Shatavari Extract Powder (High Strength Extract 20% Saponins)
Shatavari Extract Powder
High Strength Extract 20% Saponins
Traditionally Used in Ayurveda
Also Known as Asparagus Racemosus
The shatavari plant (Asparagus Racemosus) is a wild perennial plant whose earliest use is traced back to India and regions in southeast Asia. A couple of the common terminologies used by different people to refer to the plant as follows: satawar, shatamuli, shatuli, crishya, buttermilk root, Indian asparagus root, water root, climbing asparagus, wild asparagus and wild carrot, among many others. Shatavari powder has a mix of sweet and bitter flavours. Most people who consume the powder prefer taking it alongside tea, smoothies, soup, or a spoonful of honey. In the Himalayas, where the shatavari is cultivated in large scale. The plant is referred to as the ‘queen of herbs’. This is because of the numerous applications the herbal plant has, including its impact on love and affection. The term Shatavari is a collection of two Sanskrit terms, ‘shat’ and ‘vari’. The former means 100 while the latter means husband or spouse. In whole, the term shatavari means, she who has 100 husbands. Natives in ancient Asia believed that women who took shatavari powder had the strength and vigor to hold up to 100 men. It was associated with boosting general body strength and vitality.

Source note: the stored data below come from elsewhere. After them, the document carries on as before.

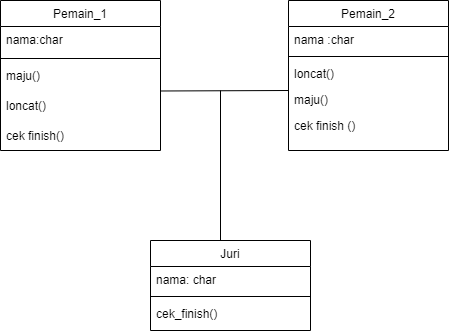

The diagram above was exported from draw.io. Its source (the exported page's mxGraphModel, read from the mxfile embedded in the PNG):
<mxGraphModel dx="828" dy="518" grid="1" gridSize="10" guides="1" tooltips="1" connect="1" arrows="1" fold="1" page="1" pageScale="1" pageWidth="827" pageHeight="1169" math="0" shadow="0">
  <root>
    <mxCell id="WIyWlLk6GJQsqaUBKTNV-0" />
    <mxCell id="WIyWlLk6GJQsqaUBKTNV-1" parent="WIyWlLk6GJQsqaUBKTNV-0" />
    <mxCell id="zkfFHV4jXpPFQw0GAbJ--0" value="Pemain_1" style="swimlane;fontStyle=0;align=center;verticalAlign=top;childLayout=stackLayout;horizontal=1;startSize=26;horizontalStack=0;resizeParent=1;resizeLast=0;collapsible=1;marginBottom=0;rounded=0;shadow=0;strokeWidth=1;" parent="WIyWlLk6GJQsqaUBKTNV-1" vertex="1">
      <mxGeometry x="220" y="120" width="160" height="150" as="geometry">
        <mxRectangle x="230" y="140" width="160" height="26" as="alternateBounds" />
      </mxGeometry>
    </mxCell>
    <mxCell id="zkfFHV4jXpPFQw0GAbJ--2" value="nama:char" style="text;align=left;verticalAlign=top;spacingLeft=4;spacingRight=4;overflow=hidden;rotatable=0;points=[[0,0.5],[1,0.5]];portConstraint=eastwest;rounded=0;shadow=0;html=0;" parent="zkfFHV4jXpPFQw0GAbJ--0" vertex="1">
      <mxGeometry y="26" width="160" height="28" as="geometry" />
    </mxCell>
    <mxCell id="zkfFHV4jXpPFQw0GAbJ--4" value="" style="line;html=1;strokeWidth=1;align=left;verticalAlign=middle;spacingTop=-1;spacingLeft=3;spacingRight=3;rotatable=0;labelPosition=right;points=[];portConstraint=eastwest;" parent="zkfFHV4jXpPFQw0GAbJ--0" vertex="1">
      <mxGeometry y="54" width="160" height="8" as="geometry" />
    </mxCell>
    <mxCell id="zkfFHV4jXpPFQw0GAbJ--3" value="maju()" style="text;align=left;verticalAlign=top;spacingLeft=4;spacingRight=4;overflow=hidden;rotatable=0;points=[[0,0.5],[1,0.5]];portConstraint=eastwest;rounded=0;shadow=0;html=0;" parent="zkfFHV4jXpPFQw0GAbJ--0" vertex="1">
      <mxGeometry y="62" width="160" height="30" as="geometry" />
    </mxCell>
    <mxCell id="khplkUdRX_klLJxi6lNz-3" value="loncat()" style="text;align=left;verticalAlign=top;spacingLeft=4;spacingRight=4;overflow=hidden;rotatable=0;points=[[0,0.5],[1,0.5]];portConstraint=eastwest;rounded=0;shadow=0;html=0;" parent="zkfFHV4jXpPFQw0GAbJ--0" vertex="1">
      <mxGeometry y="92" width="160" height="30" as="geometry" />
    </mxCell>
    <mxCell id="zkfFHV4jXpPFQw0GAbJ--5" value="cek finish()" style="text;align=left;verticalAlign=top;spacingLeft=4;spacingRight=4;overflow=hidden;rotatable=0;points=[[0,0.5],[1,0.5]];portConstraint=eastwest;" parent="zkfFHV4jXpPFQw0GAbJ--0" vertex="1">
      <mxGeometry y="122" width="160" height="26" as="geometry" />
    </mxCell>
    <mxCell id="zkfFHV4jXpPFQw0GAbJ--13" value="Juri" style="swimlane;fontStyle=0;align=center;verticalAlign=top;childLayout=stackLayout;horizontal=1;startSize=26;horizontalStack=0;resizeParent=1;resizeLast=0;collapsible=1;marginBottom=0;rounded=0;shadow=0;strokeWidth=1;" parent="WIyWlLk6GJQsqaUBKTNV-1" vertex="1">
      <mxGeometry x="370" y="360" width="160" height="90" as="geometry">
        <mxRectangle x="340" y="380" width="170" height="26" as="alternateBounds" />
      </mxGeometry>
    </mxCell>
    <mxCell id="khplkUdRX_klLJxi6lNz-2" value="nama: char" style="text;align=left;verticalAlign=top;spacingLeft=4;spacingRight=4;overflow=hidden;rotatable=0;points=[[0,0.5],[1,0.5]];portConstraint=eastwest;" parent="zkfFHV4jXpPFQw0GAbJ--13" vertex="1">
      <mxGeometry y="26" width="160" height="26" as="geometry" />
    </mxCell>
    <mxCell id="zkfFHV4jXpPFQw0GAbJ--15" value="" style="line;html=1;strokeWidth=1;align=left;verticalAlign=middle;spacingTop=-1;spacingLeft=3;spacingRight=3;rotatable=0;labelPosition=right;points=[];portConstraint=eastwest;" parent="zkfFHV4jXpPFQw0GAbJ--13" vertex="1">
      <mxGeometry y="52" width="160" height="8" as="geometry" />
    </mxCell>
    <mxCell id="khplkUdRX_klLJxi6lNz-1" value="cek_finish()" style="text;align=left;verticalAlign=top;spacingLeft=4;spacingRight=4;overflow=hidden;rotatable=0;points=[[0,0.5],[1,0.5]];portConstraint=eastwest;" parent="zkfFHV4jXpPFQw0GAbJ--13" vertex="1">
      <mxGeometry y="60" width="160" height="26" as="geometry" />
    </mxCell>
    <mxCell id="zkfFHV4jXpPFQw0GAbJ--17" value="Pemain_2" style="swimlane;fontStyle=0;align=center;verticalAlign=top;childLayout=stackLayout;horizontal=1;startSize=26;horizontalStack=0;resizeParent=1;resizeLast=0;collapsible=1;marginBottom=0;rounded=0;shadow=0;strokeWidth=1;" parent="WIyWlLk6GJQsqaUBKTNV-1" vertex="1">
      <mxGeometry x="508" y="120" width="160" height="150" as="geometry">
        <mxRectangle x="550" y="140" width="160" height="26" as="alternateBounds" />
      </mxGeometry>
    </mxCell>
    <mxCell id="zkfFHV4jXpPFQw0GAbJ--19" value="nama :char" style="text;align=left;verticalAlign=top;spacingLeft=4;spacingRight=4;overflow=hidden;rotatable=0;points=[[0,0.5],[1,0.5]];portConstraint=eastwest;rounded=0;shadow=0;html=0;" parent="zkfFHV4jXpPFQw0GAbJ--17" vertex="1">
      <mxGeometry y="26" width="160" height="26" as="geometry" />
    </mxCell>
    <mxCell id="zkfFHV4jXpPFQw0GAbJ--23" value="" style="line;html=1;strokeWidth=1;align=left;verticalAlign=middle;spacingTop=-1;spacingLeft=3;spacingRight=3;rotatable=0;labelPosition=right;points=[];portConstraint=eastwest;" parent="zkfFHV4jXpPFQw0GAbJ--17" vertex="1">
      <mxGeometry y="52" width="160" height="8" as="geometry" />
    </mxCell>
    <mxCell id="zkfFHV4jXpPFQw0GAbJ--20" value="loncat()" style="text;align=left;verticalAlign=top;spacingLeft=4;spacingRight=4;overflow=hidden;rotatable=0;points=[[0,0.5],[1,0.5]];portConstraint=eastwest;rounded=0;shadow=0;html=0;" parent="zkfFHV4jXpPFQw0GAbJ--17" vertex="1">
      <mxGeometry y="60" width="160" height="26" as="geometry" />
    </mxCell>
    <mxCell id="khplkUdRX_klLJxi6lNz-4" value="maju()" style="text;align=left;verticalAlign=top;spacingLeft=4;spacingRight=4;overflow=hidden;rotatable=0;points=[[0,0.5],[1,0.5]];portConstraint=eastwest;rounded=0;shadow=0;html=0;" parent="zkfFHV4jXpPFQw0GAbJ--17" vertex="1">
      <mxGeometry y="86" width="160" height="26" as="geometry" />
    </mxCell>
    <mxCell id="khplkUdRX_klLJxi6lNz-0" value="cek finish ()" style="text;align=left;verticalAlign=top;spacingLeft=4;spacingRight=4;overflow=hidden;rotatable=0;points=[[0,0.5],[1,0.5]];portConstraint=eastwest;rounded=0;shadow=0;html=0;" parent="zkfFHV4jXpPFQw0GAbJ--17" vertex="1">
      <mxGeometry y="112" width="160" height="26" as="geometry" />
    </mxCell>
    <mxCell id="khplkUdRX_klLJxi6lNz-5" value="" style="endArrow=none;html=1;rounded=0;entryX=0.004;entryY=0.735;entryDx=0;entryDy=0;entryPerimeter=0;exitX=1.002;exitY=0.546;exitDx=0;exitDy=0;exitPerimeter=0;" parent="WIyWlLk6GJQsqaUBKTNV-1" edge="1">
      <mxGeometry width="50" height="50" relative="1" as="geometry">
        <mxPoint x="379.67999999999995" y="210.48799999999994" as="sourcePoint" />
        <mxPoint x="507.9999999999999" y="210.0000000000001" as="targetPoint" />
      </mxGeometry>
    </mxCell>
    <mxCell id="khplkUdRX_klLJxi6lNz-6" value="" style="endArrow=none;html=1;rounded=0;" parent="WIyWlLk6GJQsqaUBKTNV-1" edge="1">
      <mxGeometry width="50" height="50" relative="1" as="geometry">
        <mxPoint x="440" y="360" as="sourcePoint" />
        <mxPoint x="440" y="210" as="targetPoint" />
      </mxGeometry>
    </mxCell>
  </root>
</mxGraphModel>

The tuberous roots of the climbing shatavari plant thrive in low altitudes, also they can still survive even in high altitudes. The plant can only grow up to a maximum of 2 meters. The plant prefers warm tropical climates with temperatures ranging from 24°-40 °C. To obtain the fine powder, the roots are washed thoroughly to remove all the dirt from the soil. They are then dried in the sun for ample time after which they are ground. They are then graded based on colour, since they vary in colour, based on geographical location and soil conditions. Rocky soils with good drainage form the ideal growing conditions for shatavari roots, hence the reason the plant thrives in the Himalayas.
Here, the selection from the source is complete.